*** Opening of RECORD EXCERPTS ***

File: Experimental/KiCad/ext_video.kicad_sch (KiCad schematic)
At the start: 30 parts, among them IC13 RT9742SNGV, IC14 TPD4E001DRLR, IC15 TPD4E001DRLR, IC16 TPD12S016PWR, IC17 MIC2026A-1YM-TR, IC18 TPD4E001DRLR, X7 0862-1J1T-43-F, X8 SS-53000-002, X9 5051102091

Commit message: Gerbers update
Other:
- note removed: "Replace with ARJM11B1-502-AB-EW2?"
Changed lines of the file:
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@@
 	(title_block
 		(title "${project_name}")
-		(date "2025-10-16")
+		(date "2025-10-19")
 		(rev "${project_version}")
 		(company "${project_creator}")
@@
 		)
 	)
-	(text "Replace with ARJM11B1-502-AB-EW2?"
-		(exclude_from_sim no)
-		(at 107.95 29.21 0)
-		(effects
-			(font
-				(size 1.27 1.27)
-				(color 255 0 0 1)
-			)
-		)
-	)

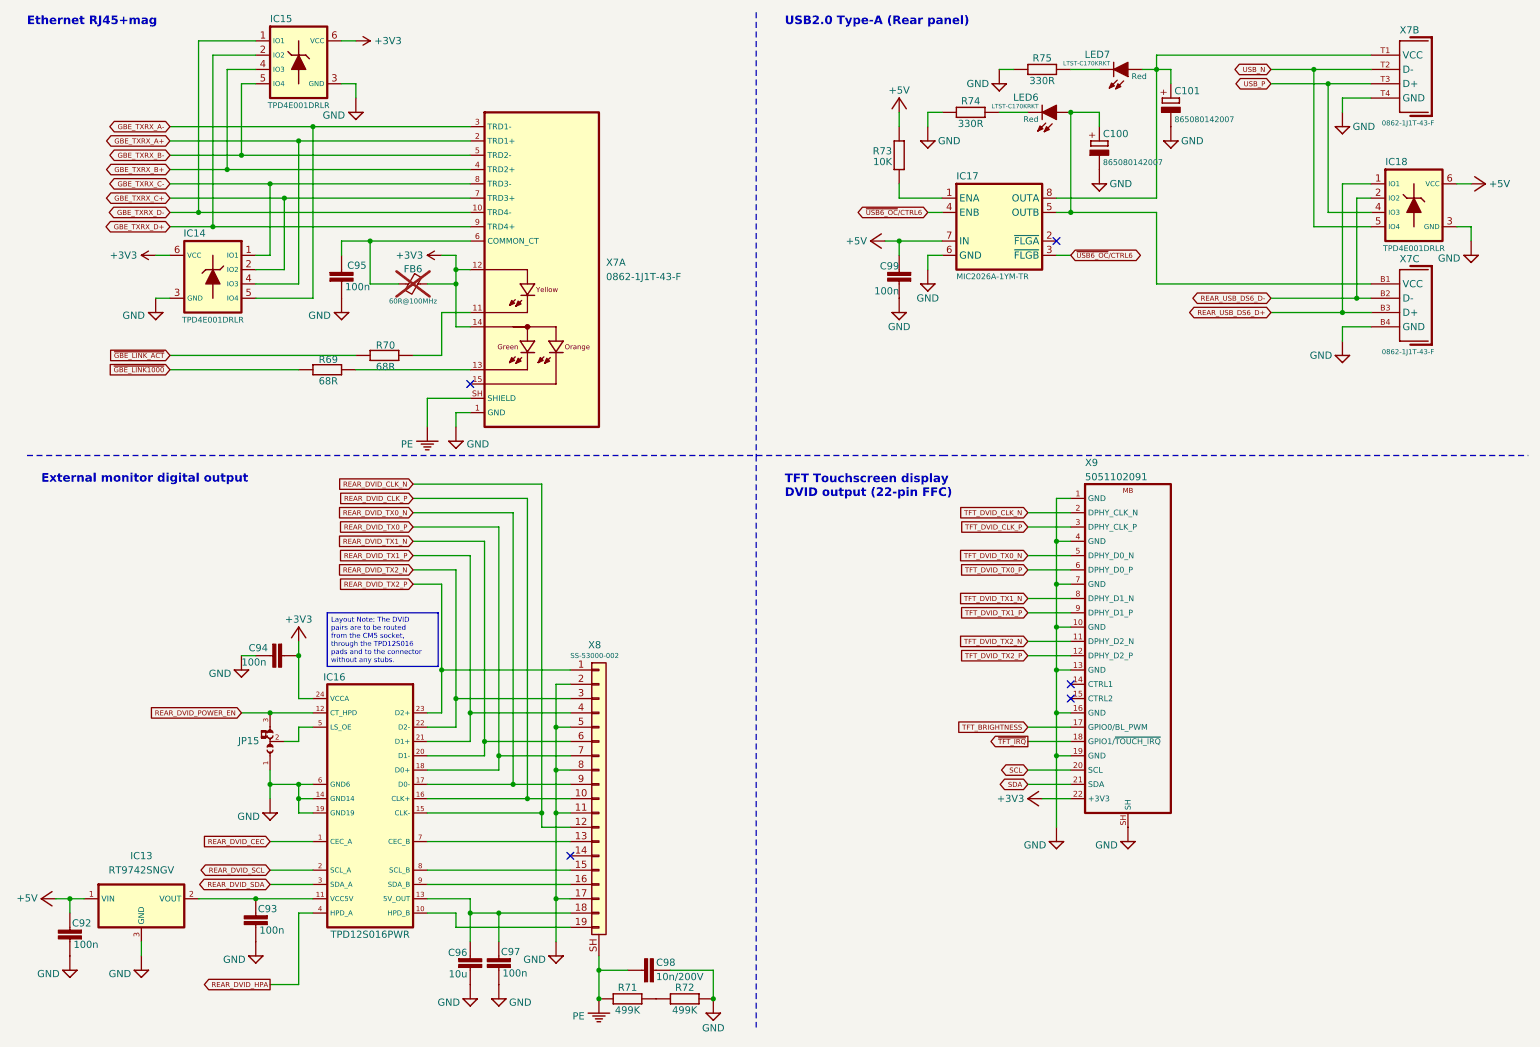
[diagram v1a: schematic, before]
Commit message: Replace 3V3 jumper for H7 CM5 with PMOS sw
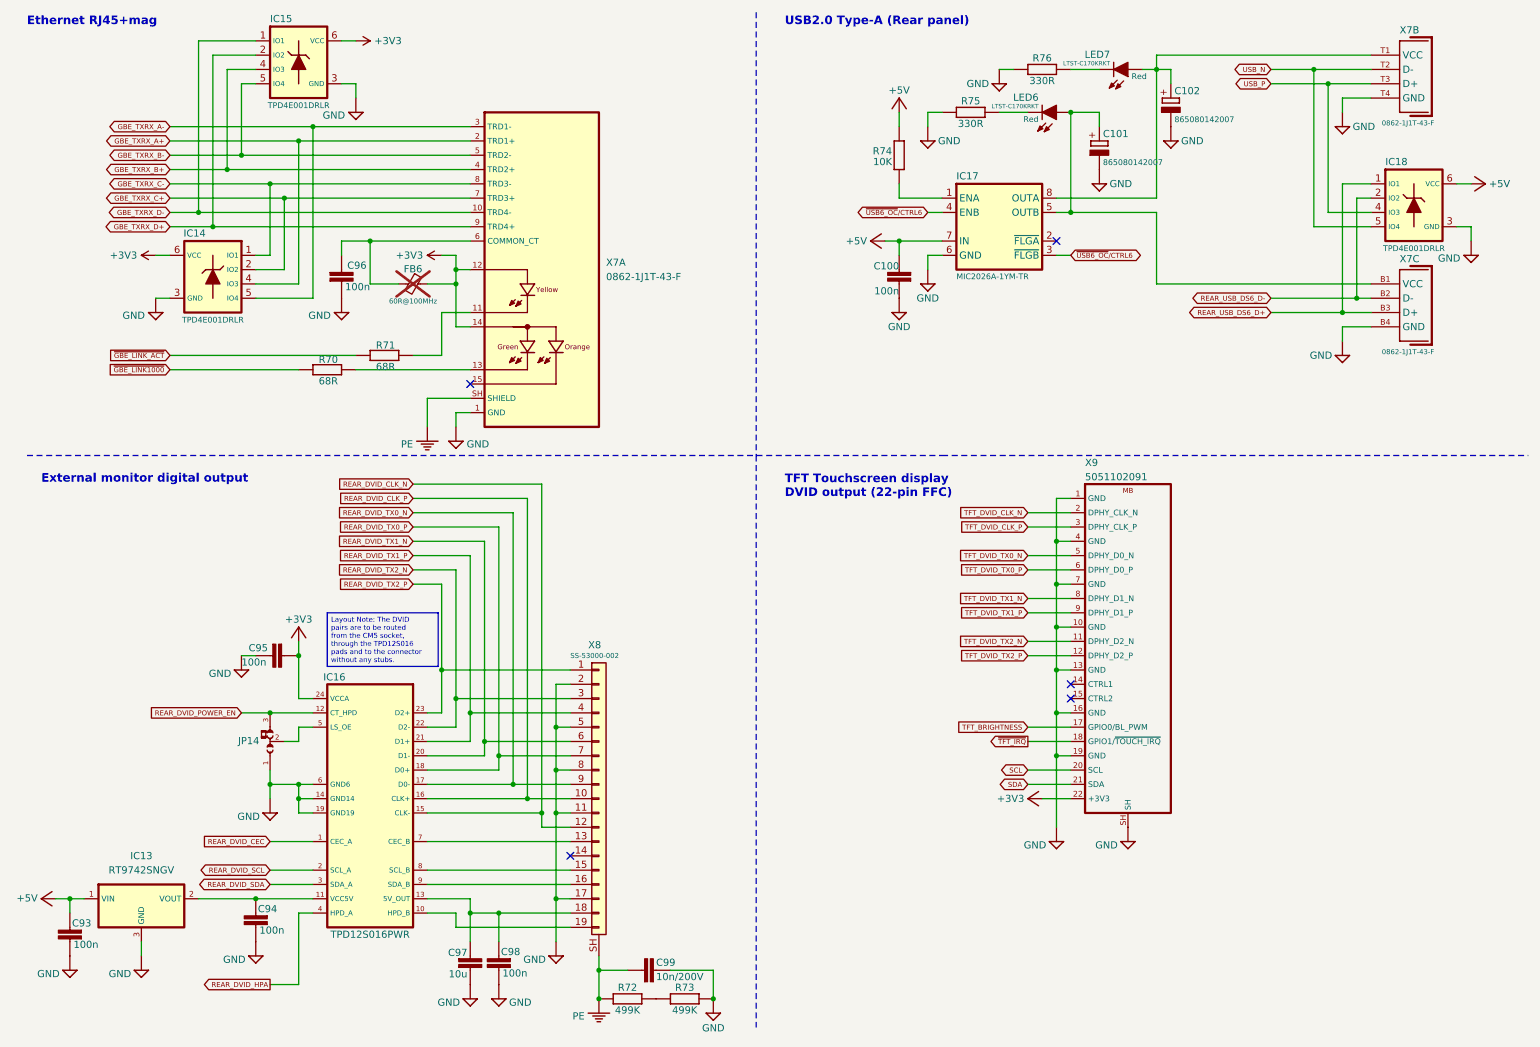
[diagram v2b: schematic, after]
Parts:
- renumbered C99 to C100, C100 to C101, C101 to C102, C92 to C93, C93 to C94, C94 to C95, C95 to C96, C96 to C97, C97 to C98, C98 to C99, JP15 to JP14, R69 to R70, R70 to R71, R71 to R72, R72 to R73, R73 to R74, R74 to R75, R75 to R76
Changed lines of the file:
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@@
 		(on_board yes)
 		(dnp no)
-		(property "Reference" "R75"
+		(property "Reference" "R76"
 			(at 195.58 24.13 90)
 			(effects
@@
 			(project "BB3plus MCU test board"
 				(path "/1df84e4f-233a-4f72-9418-c0020706bb76/c0a485a3-023d-4313-ae06-c16e1fdbf75a"
-					(reference "R75")
+					(reference "R76")
 					(unit 1)
 				)
@@
 		(on_board yes)
 		(dnp no)
-		(property "Reference" "#SUPPLY059"
+		(property "Reference" "#SUPPLY060"
 			(at 71.12 68.58 0)
 			(effects
@@
 			(project "BB3plus MCU test board"
 				(path "/1df84e4f-233a-4f72-9418-c0020706bb76/c0a485a3-023d-4313-ae06-c16e1fdbf75a"
-					(reference "#SUPPLY059")
+					(reference "#SUPPLY060")
 					(unit 1)
 				)
@@
 		(on_board yes)
 		(dnp no)
-		(property "Reference" "#+3V027"
+		(property "Reference" "#+3V028"
 			(at 193.04 154.94 0)
 			(effects
@@
 			(project "BB3plus MCU test board"
 				(path "/1df84e4f-233a-4f72-9418-c0020706bb76/c0a485a3-023d-4313-ae06-c16e1fdbf75a"
-					(reference "#+3V027")
+					(reference "#+3V028")
 					(unit 1)
 				)
@@
 		(on_board yes)
 		(dnp no)
-		(property "Reference" "C94"
+		(property "Reference" "C95"
 			(at 54.61 128.905 90)
 			(effects
@@
 			(project "BB3plus MCU test board"
 				(path "/1df84e4f-233a-4f72-9418-c0020706bb76/c0a485a3-023d-4313-ae06-c16e1fdbf75a"
-					(reference "C94")
+					(reference "C95")
 					(unit 1)
 				)
@@
 		(on_board yes)
 		(dnp no)
-		(property "Reference" "R74"
+		(property "Reference" "R75"
 			(at 182.88 31.75 90)
 			(effects
@@
 			(project "BB3plus MCU test board"
 				(path "/1df84e4f-233a-4f72-9418-c0020706bb76/c0a485a3-023d-4313-ae06-c16e1fdbf75a"
-					(reference "R74")
+					(reference "R75")
 					(unit 1)
 				)
@@
 		(on_board yes)
 		(dnp no)
-		(property "Reference" "C100"
+		(property "Reference" "C101"
 			(at 206.375 36.83 0)
 			(effects
@@
 			(project "BB3plus MCU test board"
 				(path "/1df84e4f-233a-4f72-9418-c0020706bb76/c0a485a3-023d-4313-ae06-c16e1fdbf75a"
-					(reference "C100")
+					(reference "C101")
 					(unit 1)
 				)
@@
 		(on_board yes)
 		(dnp no)
-		(property "Reference" "#SUPPLY058"
+		(property "Reference" "#SUPPLY059"
 			(at 38.1 68.58 0)
 			(effects
@@
 			(project "BB3plus MCU test board"
 				(path "/1df84e4f-233a-4f72-9418-c0020706bb76/c0a485a3-023d-4313-ae06-c16e1fdbf75a"
-					(reference "#SUPPLY058")
+					(reference "#SUPPLY059")
 					(unit 1)
 				)
@@
 		(on_board yes)
 		(dnp no)
-		(property "Reference" "R73"
+		(property "Reference" "R74"
 			(at 168.91 40.64 0)
 			(effects
@@
 			(project "BB3plus MCU test board"
 				(path "/1df84e4f-233a-4f72-9418-c0020706bb76/c0a485a3-023d-4313-ae06-c16e1fdbf75a"
-					(reference "R73")
+					(reference "R74")
 					(unit 1)
 				)
@@
 		(on_board yes)
 		(dnp no)
-		(property "Reference" "C92"
+		(property "Reference" "C93"
 			(at 26.67 177.8 0)
 			(effects
@@
 			(project "BB3plus MCU test board"
 				(path "/1df84e4f-233a-4f72-9418-c0020706bb76/c0a485a3-023d-4313-ae06-c16e1fdbf75a"
-					(reference "C92")
+					(reference "C93")
 					(unit 1)
 				)
@@
 		(on_board yes)
 		(dnp no)
-		(property "Reference" "R72"
+		(property "Reference" "R73"
 			(at 132.08 189.23 90)
 			(effects
@@
 			(project "BB3plus MCU test board"
 				(path "/1df84e4f-233a-4f72-9418-c0020706bb76/c0a485a3-023d-4313-ae06-c16e1fdbf75a"
-					(reference "R72")
+					(reference "R73")
 					(unit 1)
 				)
@@
 		(on_board yes)
 		(dnp no)
-		(property "Reference" "#SUPPLY062"
+		(property "Reference" "#SUPPLY063"
 			(at 271.78 58.42 0)
 			(effects
@@
 			(project "BB3plus MCU test board"
 				(path "/1df84e4f-233a-4f72-9418-c0020706bb76/c0a485a3-023d-4313-ae06-c16e1fdbf75a"
-					(reference "#SUPPLY062")
+					(reference "#SUPPLY063")
 					(unit 1)
 				)
@@
 		(on_board yes)
 		(dnp no)
-		(property "Reference" "R69"
+		(property "Reference" "R70"
 			(at 70.485 76.2 90)
 			(effects
@@
 			(project "BB3plus MCU test board"
 				(path "/1df84e4f-233a-4f72-9418-c0020706bb76/c0a485a3-023d-4313-ae06-c16e1fdbf75a"
-					(reference "R69")
+					(reference "R70")
 					(unit 1)
 				)
@@
 		(on_board yes)
 		(dnp no)
-		(property "Reference" "C96"
+		(property "Reference" "C97"
 			(at 93.472 183.0324 0)
 			(effects
@@
 			(project "BB3plus MCU test board"
 				(path "/1df84e4f-233a-4f72-9418-c0020706bb76/c0a485a3-023d-4313-ae06-c16e1fdbf75a"
-					(reference "C96")
+					(reference "C97")
 					(unit 1)
 				)
@@
 		(on_board yes)
 		(dnp no)
-		(property "Reference" "#SUPPLY061"
+		(property "Reference" "#SUPPLY062"
 			(at 91.44 91.44 0)
 			(effects
@@
 			(project "BB3plus MCU test board"
 				(path "/1df84e4f-233a-4f72-9418-c0020706bb76/c0a485a3-023d-4313-ae06-c16e1fdbf75a"
-					(reference "#SUPPLY061")
+					(reference "#SUPPLY062")
 					(unit 1)
 				)
@@
 		(on_board yes)
 		(dnp no)
-		(property "Reference" "C97"
+		(property "Reference" "C98"
 			(at 102.87 182.88 0)
 			(effects
@@
 			(project "BB3plus MCU test board"
 				(path "/1df84e4f-233a-4f72-9418-c0020706bb76/c0a485a3-023d-4313-ae06-c16e1fdbf75a"
-					(reference "C97")
+					(reference "C98")
 					(unit 1)
 				)
@@
 		(on_board yes)
 		(dnp no)
-		(property "Reference" "#+3V026"
+		(property "Reference" "#+3V027"
 			(at 63.5 124.46 0)
 			(effects
@@
 			(project "BB3plus MCU test board"
 				(path "/1df84e4f-233a-4f72-9418-c0020706bb76/c0a485a3-023d-4313-ae06-c16e1fdbf75a"
-					(reference "#+3V026")
+					(reference "#+3V027")
 					(unit 1)
 				)
@@
 		(on_board yes)
 		(dnp no)
-		(property "Reference" "C93"
+		(property "Reference" "C94"
 			(at 59.69 175.26 0)
 			(effects
@@
 			(project "BB3plus MCU test board"
 				(path "/1df84e4f-233a-4f72-9418-c0020706bb76/c0a485a3-023d-4313-ae06-c16e1fdbf75a"
-					(reference "C93")
+					(reference "C94")
 					(unit 1)
 				)
@@
 		(on_board yes)
 		(dnp no)
-		(property "Reference" "C95"
+		(property "Reference" "C96"
 			(at 75.565 60.96 0)
 			(effects
@@
 			(project "BB3plus MCU test board"
 				(path "/1df84e4f-233a-4f72-9418-c0020706bb76/c0a485a3-023d-4313-ae06-c16e1fdbf75a"
-					(reference "C95")
+					(reference "C96")
 					(unit 1)
 				)
@@
 		(on_board yes)
 		(dnp no)
-		(property "Reference" "R71"
+		(property "Reference" "R72"
 			(at 121.92 189.23 90)
 			(effects
@@
 			(project "BB3plus MCU test board"
 				(path "/1df84e4f-233a-4f72-9418-c0020706bb76/c0a485a3-023d-4313-ae06-c16e1fdbf75a"
-					(reference "R71")
+					(reference "R72")
 					(unit 1)
 				)
@@
 		(on_board yes)
 		(dnp no)
-		(property "Reference" "JP15"
+		(property "Reference" "JP14"
 			(at 56.515 145.415 90)
 			(effects
@@
 			(project "BB3plus MCU test board"
 				(path "/1df84e4f-233a-4f72-9418-c0020706bb76/c0a485a3-023d-4313-ae06-c16e1fdbf75a"
-					(reference "JP15")
+					(reference "JP14")
 					(unit 1)
 				)
@@
 		(on_board yes)
 		(dnp no)
-		(property "Reference" "R70"
+		(property "Reference" "R71"
 			(at 80.645 73.66 90)
 			(effects
@@
 			(project "BB3plus MCU test board"
 				(path "/1df84e4f-233a-4f72-9418-c0020706bb76/c0a485a3-023d-4313-ae06-c16e1fdbf75a"
-					(reference "R70")
+					(reference "R71")
 					(unit 1)
 				)
@@
 		(on_board yes)
 		(dnp no)
-		(property "Reference" "C99"
+		(property "Reference" "C100"
 			(at 170.18 60.325 0)
 			(effects
@@
 			(project "BB3plus MCU test board"
 				(path "/1df84e4f-233a-4f72-9418-c0020706bb76/c0a485a3-023d-4313-ae06-c16e1fdbf75a"
-					(reference "C99")
+					(reference "C100")
 					(unit 1)
 				)
@@
 		(on_board yes)
 		(dnp no)
-		(property "Reference" "C98"
+		(property "Reference" "C99"
 			(at 127 184.785 90)
 			(effects
@@
 			(project "BB3plus MCU test board"
 				(path "/1df84e4f-233a-4f72-9418-c0020706bb76/c0a485a3-023d-4313-ae06-c16e1fdbf75a"
-					(reference "C98")
+					(reference "C99")
 					(unit 1)
 				)
@@
 		(on_board yes)
 		(dnp no)
-		(property "Reference" "C101"
+		(property "Reference" "C102"
 			(at 219.075 29.21 0)
 			(effects
@@
 			(project "BB3plus MCU test board"
 				(path "/1df84e4f-233a-4f72-9418-c0020706bb76/c0a485a3-023d-4313-ae06-c16e1fdbf75a"
-					(reference "C101")
+					(reference "C102")
 					(unit 1)
 				)
@@
 		(on_board yes)
 		(dnp no)
-		(property "Reference" "#SUPPLY060"
+		(property "Reference" "#SUPPLY061"
 			(at 73.66 33.02 0)
 			(effects
@@
 			(project "BB3plus MCU test board"
 				(path "/1df84e4f-233a-4f72-9418-c0020706bb76/c0a485a3-023d-4313-ae06-c16e1fdbf75a"
-					(reference "#SUPPLY060")
+					(reference "#SUPPLY061")
 					(unit 1)
 				)

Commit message: Jumpers update
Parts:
- added JP15, JP16: ~, PCM_EEZ_SMD:JP3 shorted with 0R (0603) 2-3, symbol PCM_EEZ_unsorted:JP3 shorted with 0R (2-3)
- JP14: value ~ -> 0R; now in the parts list
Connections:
- net SCL: now also JP15.3; no longer X9.20 (SCL)
- net SDA: now also JP16.3; no longer X9.21 (SDA)
- net TFT_DVID_HPA: now reaches X9.14 (CTRL1)
- net TFT_DVID_CEC: now reaches X9.15 (CTRL2)
- new net: JP15.2, X9.20 (SCL)
- new net: JP16.2, X9.21 (SDA)
- new net TFT_DVID_SCL: JP15.1
- new net TFT_DVID_SDA: JP16.1
- no-connect marks 5 -> 3

*** Close of RECORD EXCERPTS ***

__DIRECTIONS FOR THIS TASK__:
Each line above, from the one that contains "- net SCL: now" to the last line of the records, should be repeated exactly. Leave out all others.

__SOLUTION TO THIS TASK__:
- net SCL: now also JP15.3; no longer X9.20 (SCL)
- net SDA: now also JP16.3; no longer X9.21 (SDA)
- net TFT_DVID_HPA: now reaches X9.14 (CTRL1)
- net TFT_DVID_CEC: now reaches X9.15 (CTRL2)
- new net: JP15.2, X9.20 (SCL)
- new net: JP16.2, X9.21 (SDA)
- new net TFT_DVID_SCL: JP15.1
- new net TFT_DVID_SDA: JP16.1
- no-connect marks 5 -> 3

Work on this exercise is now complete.